Hold at least one fully in-person offsite each year if your travel budget allows for it. But even if this isn’t in the cards right away, there are still other ways to create a positive team culture. You can encourage growth and collaboration among ICs by scheduling a remote-friendly calendar of events. These might include

  • Company-wide hackathons
  • Webinar panels to discuss industry trends and new tools
  • Team escape challenges, such as Codingame Escape, that bring engs together through competition

When it comes to your office space itself, you should focus on using it as a supplemental tool for collaboration. When your team does meet face to face, spend time on cross-functional work that can solidify bonds between engineers across the organization.
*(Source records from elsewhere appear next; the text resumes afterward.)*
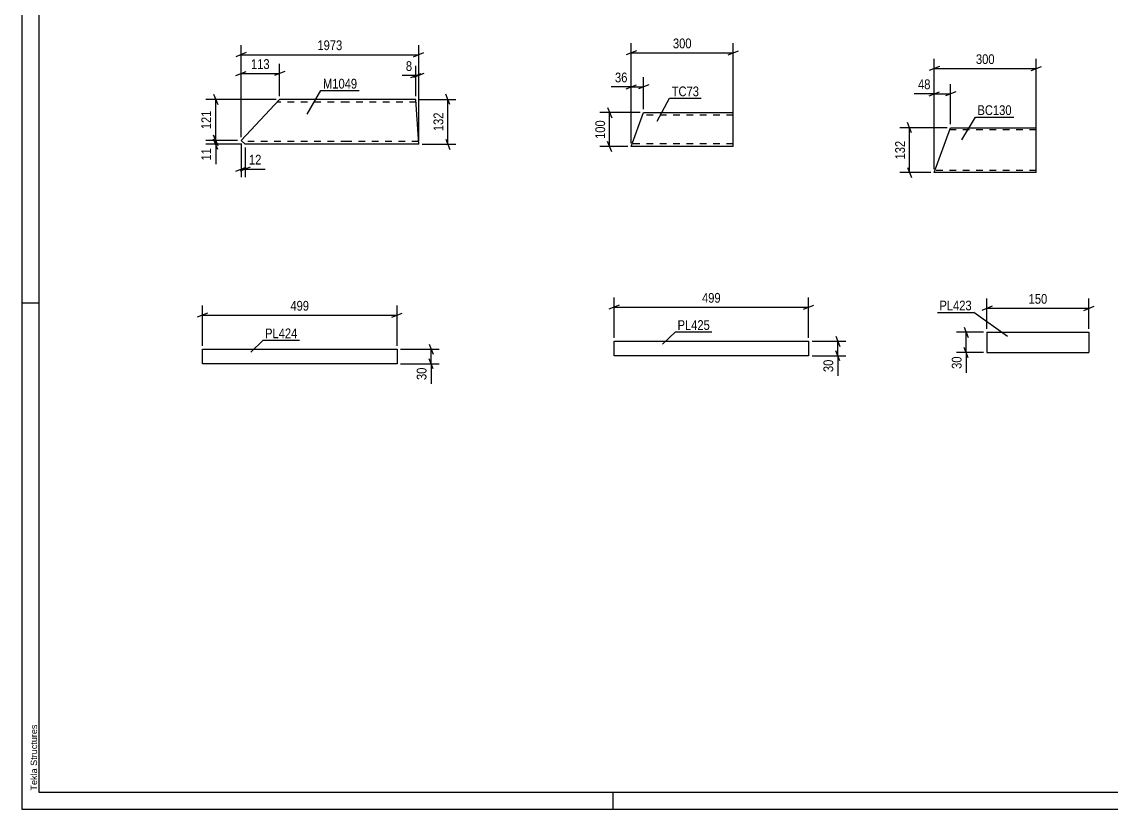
# Model space of a CAD drawing. Header units: millimetres. Extents: x 0 to 594, y 0 to 420.
# Drawn here: x 0 to 320.4, y 0 to 231.8 of the extents above; entities that cross this region are included whole.
import ezdxf

# ---------------------------------------------------------------- set-up
doc = ezdxf.new("R2010")
doc.units = ezdxf.units.MM
doc.linetypes.add('DXK_LINE_DOT2', pattern=[3.9198, 1.9599, -1.9599])
doc.styles.add('Arial', font='ARIAL.TTF', dxfattribs={"height": 0.2})
doc.styles.add('Arial Narrow', font='ARIALN.TTF', dxfattribs={"height": 0.2})

# ---------------------------------------------------------------- blocks, each defined once
blk = doc.blocks.new('Unknown-761552470-1163')
at = {"color": 5, "linetype": 'Continuous'}
for p, q in [((0, 420), (0, 0)), ((5, 415), (5, 5)), ((5, 149), (0, 149)), ((5, 5), (589, 5)), ((174, 0), (174, 5)), ((0, 0), (594, 0))]:
    blk.add_line(p, q, dxfattribs=at)
at = {"color": 174, "linetype": 'Continuous', "style": 'Arial'}
blk.add_text('Tekla Structures', height=1.9102, rotation=90, dxfattribs=at).set_placement((4.5, 5.5))
blk = doc.blocks.new('Part-761552470-9593 - 9592')
at = {"color": 2, "linetype": 'Continuous'}
for p, q in [((179.27, 195.07), (182.91, 205.07)), ((182.91, 205.07), (209.27, 205.07)), ((209.27, 195.07), (209.27, 205.07)), ((209.27, 195.07), (179.27, 195.07))]:
    blk.add_line(p, q, dxfattribs=at)
at = {"color": 7, "linetype": 'DXK_LINE_DOT2'}
for p, q in [((209.27, 204.27), (182.62, 204.27)), ((179.56, 195.87), (179.58, 195.93)), ((209.27, 195.87), (179.56, 195.87)), ((209.27, 195.87), (209.27, 195.93))]:
    blk.add_line(p, q, dxfattribs=at)
blk = doc.blocks.new('Part-761552470-9571 - 9570')
at = {"color": 2, "linetype": 'Continuous'}
for p, q in [((64.49, 196.88), (75.84, 208.95)), ((95.84, 208.95), (75.84, 208.95)), ((115.94, 208.95), (95.94, 208.95)), ((116.75, 195.75), (115.94, 208.95)), ((65.69, 195.75), (64.49, 196.88)), ((95.84, 195.75), (65.69, 195.75)), ((116.75, 195.75), (95.94, 195.75))]:
    blk.add_line(p, q, dxfattribs=at)
at = {"color": 7, "linetype": 'DXK_LINE_DOT2'}
for p, q in [((95.84, 208.15), (75.09, 208.15)), ((115.99, 208.15), (95.94, 208.15)), ((95.84, 196.55), (64.84, 196.55)), ((116.7, 196.55), (95.94, 196.55)), ((116.7, 196.55), (116.7, 196.61))]:
    blk.add_line(p, q, dxfattribs=at)
blk = doc.blocks.new('Part-761552470-9601 - 9600')
at = {"color": 2, "linetype": 'Continuous'}
for p, q in [((268.4, 187.42), (273.21, 200.62)), ((273.21, 200.62), (298.4, 200.62)), ((298.4, 187.42), (298.4, 200.62)), ((298.4, 187.42), (268.4, 187.42))]:
    blk.add_line(p, q, dxfattribs=at)
at = {"color": 7, "linetype": 'DXK_LINE_DOT2'}
for p, q in [((298.4, 200.02), (272.99, 200.02)), ((268.62, 188.02), (268.64, 188.06)), ((298.4, 188.02), (268.62, 188.02)), ((298.4, 188.02), (298.4, 188.06))]:
    blk.add_line(p, q, dxfattribs=at)
blk = doc.blocks.new('Part-761552470-9717 - 9716')
at = {"color": 2, "linetype": 'Continuous'}
for p, q in [((283.9, 140.41), (283.9, 134.41)), ((283.9, 140.41), (313.9, 140.41)), ((313.9, 140.41), (313.9, 134.41)), ((283.9, 134.41), (313.9, 134.41))]:
    blk.add_line(p, q, dxfattribs=at)
blk = doc.blocks.new('Part-761552470-9733 - 9732')
at = {"color": 2, "linetype": 'Continuous'}
for p, q in [((53.13, 131.13), (53.13, 135.42)), ((53.13, 135.42), (81.7, 135.42)), ((81.8, 135.42), (110.38, 135.42)), ((110.38, 135.42), (110.38, 131.13)), ((81.7, 131.13), (53.13, 131.13)), ((110.38, 131.13), (81.8, 131.13))]:
    blk.add_line(p, q, dxfattribs=at)
blk = doc.blocks.new('Part-761552470-9741 - 9740')
at = {"color": 2, "linetype": 'Continuous'}
for p, q in [((174.21, 133.48), (174.21, 137.76)), ((174.21, 137.76), (202.78, 137.76)), ((202.88, 137.76), (231.45, 137.76)), ((231.45, 137.76), (231.45, 133.48)), ((202.78, 133.48), (174.21, 133.48)), ((231.45, 133.48), (202.88, 133.48))]:
    blk.add_line(p, q, dxfattribs=at)
blk = doc.blocks.new('StraightDimension-761552470-9992 - 9592')
at = {"color": 7, "linetype": 'Continuous'}
for p, q in [((172.32, 206.57), (173.52, 203.57)), ((181.91, 205.07), (170.07, 205.07)), ((172.92, 195.07), (172.92, 205.07)), ((173.52, 193.57), (172.32, 196.57)), ((178.27, 195.07), (170.07, 195.07))]:
    blk.add_line(p, q, dxfattribs=at)
at = {"color": 0}
blk.add_wipeout([(172.17, 203.41), (167.97, 203.41), (167.97, 196.72), (172.17, 196.72)], dxfattribs=at)
at = {"color": 3, "style": 'Arial Narrow'}
blk.add_text('100', height=2.863, rotation=90.0002, dxfattribs=at).set_placement((171.57, 197.32))
blk = doc.blocks.new('StraightDimension-761552470-9988 - 9592')
at = {"color": 7, "linetype": 'Continuous'}
for p, q in [((179.27, 196.07), (179.27, 215.48)), ((182.91, 206.07), (182.91, 215.48)), ((177.77, 212.03), (180.77, 213.23)), ((179.27, 212.63), (182.91, 212.63)), ((184.41, 213.23), (181.41, 212.03))]:
    blk.add_line(p, q, dxfattribs=at)
at = {"color": 0}
blk.add_wipeout([(178.74, 213.38), (178.74, 217.58), (173.89, 217.58), (173.89, 213.38)], dxfattribs=at)
at = {"color": 7, "linetype": 'Continuous'}
blk.add_line((179.27, 212.63), (173.36, 212.63), dxfattribs=at)
blk.add_line((179.27, 212.63), (173.36, 212.63), dxfattribs=at)
at = {"color": 3, "style": 'Arial Narrow'}
blk.add_text('36', height=2.863, dxfattribs=at).set_placement((174.49, 213.98))
blk = doc.blocks.new('StraightDimension-761552470-9998 - 9592')
at = {"color": 7, "linetype": 'Continuous'}
for p, q in [((179.27, 196.07), (179.27, 225.51)), ((209.27, 196.07), (209.27, 225.51)), ((180.77, 223.26), (177.77, 222.06)), ((179.27, 222.66), (209.27, 222.66)), ((207.77, 222.06), (210.77, 223.26))]:
    blk.add_line(p, q, dxfattribs=at)
at = {"color": 0}
blk.add_wipeout([(197.61, 223.41), (197.61, 227.61), (190.93, 227.61), (190.93, 223.41)], dxfattribs=at)
at = {"color": 3, "style": 'Arial Narrow'}
blk.add_text('300', height=2.863, dxfattribs=at).set_placement((191.53, 224.01))
blk = doc.blocks.new('StraightDimension-761552470-9974 - 9570')
at = {"color": 7, "linetype": 'Continuous'}
for p, q in [((116.94, 208.95), (127.72, 208.95)), ((125.92, 207.45), (124.72, 210.45)), ((125.32, 195.75), (125.32, 208.95)), ((117.75, 195.75), (127.72, 195.75)), ((124.72, 197.25), (125.92, 194.25))]:
    blk.add_line(p, q, dxfattribs=at)
at = {"color": 0}
blk.add_wipeout([(124.57, 205.69), (120.37, 205.69), (120.37, 199.01), (124.57, 199.01)], dxfattribs=at)
at = {"color": 3, "style": 'Arial Narrow'}
blk.add_text('132', height=2.863, rotation=90.0002, dxfattribs=at).set_placement((123.97, 199.61))
blk = doc.blocks.new('StraightDimension-761552470-9958 - 9570')
at = {"color": 7, "linetype": 'Continuous'}
for p, q in [((64.49, 197.88), (64.49, 219.43)), ((75.84, 209.95), (75.84, 219.43)), ((62.99, 215.98), (65.99, 217.18)), ((64.49, 216.58), (75.84, 216.58)), ((77.34, 217.18), (74.34, 215.98))]:
    blk.add_line(p, q, dxfattribs=at)
at = {"color": 0}
blk.add_wipeout([(73.51, 217.33), (73.51, 221.53), (66.82, 221.53), (66.82, 217.33)], dxfattribs=at)
at = {"color": 3, "style": 'Arial Narrow'}
blk.add_text('113', height=2.863, dxfattribs=at).set_placement((67.42, 217.93))
blk = doc.blocks.new('StraightDimension-761552470-9962 - 9570')
at = {"color": 7, "linetype": 'Continuous'}
for p, q in [((64.49, 195.88), (64.49, 186.03)), ((65.69, 194.75), (65.69, 186.03)), ((62.99, 187.83), (65.99, 189.03)), ((67.19, 189.03), (64.19, 187.83)), ((64.49, 188.43), (65.69, 188.43))]:
    blk.add_line(p, q, dxfattribs=at)
at = {"color": 0}
blk.add_wipeout([(71.07, 189.18), (71.07, 193.38), (66.22, 193.38), (66.22, 189.18)], dxfattribs=at)
at = {"color": 7, "linetype": 'Continuous'}
blk.add_line((65.69, 188.43), (71.6, 188.43), dxfattribs=at)
blk.add_line((65.69, 188.43), (71.6, 188.43), dxfattribs=at)
at = {"color": 3, "style": 'Arial Narrow'}
blk.add_text('12', height=2.863, dxfattribs=at).set_placement((66.82, 189.78))
blk = doc.blocks.new('StraightDimension-761552470-9954 - 9570')
at = {"color": 7, "linetype": 'Continuous'}
for p, q in [((115.94, 209.95), (115.94, 218.83)), ((116.75, 196.75), (116.75, 218.83)), ((114.44, 215.38), (117.44, 216.58)), ((118.25, 216.58), (115.25, 215.38)), ((115.94, 215.98), (116.75, 215.98))]:
    blk.add_line(p, q, dxfattribs=at)
at = {"color": 0}
blk.add_wipeout([(115.41, 216.73), (115.41, 220.93), (112.38, 220.93), (112.38, 216.73)], dxfattribs=at)
at = {"color": 7, "linetype": 'Continuous'}
blk.add_line((115.94, 215.98), (111.86, 215.98), dxfattribs=at)
blk.add_line((115.94, 215.98), (111.86, 215.98), dxfattribs=at)
at = {"color": 3, "style": 'Arial Narrow'}
blk.add_text('8', height=2.86, dxfattribs=at).set_placement((112.98, 217.33))
blk = doc.blocks.new('StraightDimension-761552470-13008 - 9570')
at = {"color": 7, "linetype": 'Continuous'}
for p, q in [((74.84, 208.95), (54.18, 208.95)), ((56.43, 210.45), (57.63, 207.45)), ((57.03, 196.88), (57.03, 208.95)), ((63.49, 196.88), (54.18, 196.88)), ((57.63, 195.38), (56.43, 198.38))]:
    blk.add_line(p, q, dxfattribs=at)
at = {"color": 0}
blk.add_wipeout([(56.28, 206.26), (52.08, 206.26), (52.08, 199.58), (56.28, 199.58)], dxfattribs=at)
at = {"color": 3, "style": 'Arial Narrow'}
blk.add_text('121', height=2.863, rotation=90.0002, dxfattribs=at).set_placement((55.68, 200.18))
blk = doc.blocks.new('StraightDimension-761552470-9980 - 9570')
at = {"color": 7, "linetype": 'Continuous'}
for p, q in [((64.49, 197.88), (64.49, 224.97)), ((116.75, 196.75), (116.75, 224.97)), ((65.99, 222.72), (62.99, 221.52)), ((64.49, 222.12), (116.75, 222.12)), ((115.25, 221.52), (118.25, 222.72))]:
    blk.add_line(p, q, dxfattribs=at)
at = {"color": 0}
blk.add_wipeout([(94.87, 222.87), (94.87, 227.07), (86.36, 227.07), (86.36, 222.87)], dxfattribs=at)
at = {"color": 3, "style": 'Arial Narrow'}
blk.add_text('1973', height=2.863, dxfattribs=at).set_placement((86.96, 223.47))
blk = doc.blocks.new('StraightDimension-761552470-13009 - 9570')
at = {"color": 7, "linetype": 'Continuous'}
for p, q in [((63.49, 196.88), (54.18, 196.88)), ((64.69, 195.75), (54.18, 195.75)), ((56.43, 198.38), (57.63, 195.38)), ((57.63, 194.25), (56.43, 197.25)), ((57.03, 195.75), (57.03, 196.88))]:
    blk.add_line(p, q, dxfattribs=at)
at = {"color": 0}
blk.add_wipeout([(56.28, 195.23), (52.08, 195.23), (52.08, 190.37), (56.28, 190.37)], dxfattribs=at)
at = {"color": 7, "linetype": 'Continuous'}
blk.add_line((57.03, 195.75), (57.03, 189.85), dxfattribs=at)
blk.add_line((57.03, 195.75), (57.03, 189.85), dxfattribs=at)
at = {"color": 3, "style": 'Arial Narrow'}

And just because your company’s culture exists in a hybrid world, it doesn’t mean the daily interactions that add color to your org need to disappear. Take advantage of apps like Confetti or Donut to facilitate interactions. With Donut, you can create virtual watercoolers to spark new conversations and automatically generate lunch pal pairings.

Hire for hybrid work by standardizing technical interviews

For fast-growing companies, interviews and assessments are quickly becoming the defining aspect of the hiring process. Our industry report showed that 30% of recruiters are already prepared to ditch CVs and base their hiring decisions on technical assessment tests or online coding interviews.

If you want to stay ahead of the curve for hybrid work trends and streamline your interviewing, start by introducing a live, virtual coding platform like CoderPad. With the same tools and protocols for in-person and remote candidates, you have the power to create a standardized experience, minimize bias, and hire more efficiently. 

Virtual whiteboard sessions for both remote and in-person interviewers let you see how candidates think things through and understand their problem-solving skills in real-time. They also make your company’s interviewing more accessible by removing the need to navigate unfamiliar hardware or learn new platforms in the moment. And with CoderPad, your hiring team can even integrate technical interviewing sessions or assessments into your applicant tracking system (ATS) of choice.

A shared assessment environment means you have a way to move past “going with your gut” on a candidate. Now, you can focus on what matters most in the moment then dive into the details later. Using our Playback Mode, for instance, lets you jog your memory, dig into key moments, and craft clearer feedback reports. 

Don’t let the engineering management norms of yesterday hold you back. By updating your best practices for the age of hybrid work, you unlock the flexibility to attract top talent, push your products forward, and maintain your development team’s unique values.